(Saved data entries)
------------------------------------------------------------------------

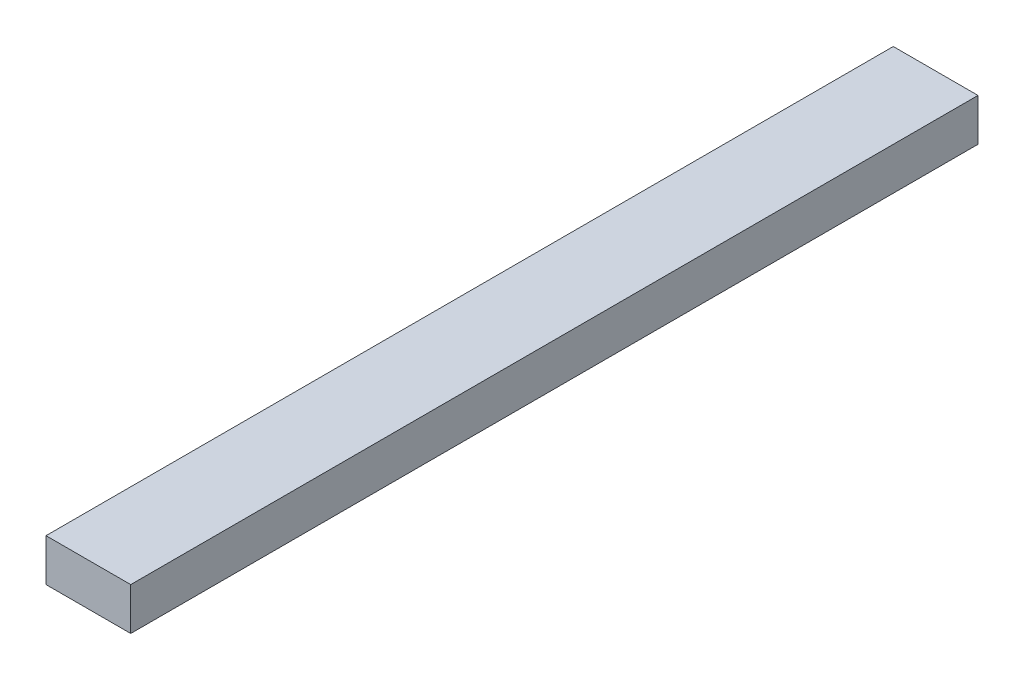
from build123d import *

# Parameters (mm, degrees)
SKETCH1_W           = 2.54
SKETCH1_H           = 1.27
BOSS_EXTRUDE1_DEPTH = 25.4


with BuildPart() as part:
    # Sketch1 → Boss-Extrude1 (new body)
    with BuildSketch(Plane.XY):
        with Locations((-1.27, 0.635)):
            Rectangle(SKETCH1_W, SKETCH1_H)
    extrude(amount=BOSS_EXTRUDE1_DEPTH)


solid = part.part
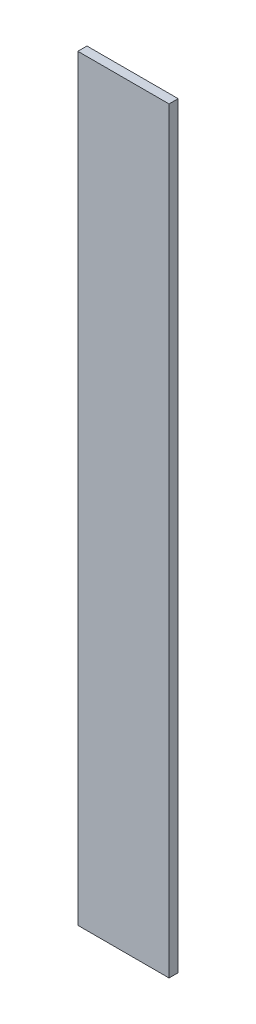
from build123d import *

# Parameters (mm, degrees)
SZKIC1_W                    = 10
SZKIC1_H                    = 83
DODANIE_WYCI_GNI_CIE1_DEPTH = 1


with BuildPart() as part:
    # Szkic1 → Dodanie-wyciągnięcie1 (new body)
    with BuildSketch(Plane.XY):
        with Locations((5, 41.5)):
            Rectangle(SZKIC1_W, SZKIC1_H)
    extrude(amount=DODANIE_WYCI_GNI_CIE1_DEPTH)


solid = part.part

------------------------------------------------------------------------

(PROBLEM DESCRIPTION): Nothing but the lines from the line containing "# Sketch1 → Boss-Extrude1 (new body)" to the end of the records above should be repeated, exactly and with every picture omitted.

(TASK RESULT):
    # Sketch1 → Boss-Extrude1 (new body)
    with BuildSketch(Plane.XY):
        with Locations((-1.27, 0.635)):
            Rectangle(SKETCH1_W, SKETCH1_H)
    extrude(amount=BOSS_EXTRUDE1_DEPTH)


solid = part.part
from build123d import *

# Parameters (mm, degrees)
SZKIC1_W                    = 10
SZKIC1_H                    = 83
DODANIE_WYCI_GNI_CIE1_DEPTH = 1


with BuildPart() as part:
    # Szkic1 → Dodanie-wyciągnięcie1 (new body)
    with BuildSketch(Plane.XY):
        with Locations((5, 41.5)):
            Rectangle(SZKIC1_W, SZKIC1_H)
    extrude(amount=DODANIE_WYCI_GNI_CIE1_DEPTH)


solid = part.part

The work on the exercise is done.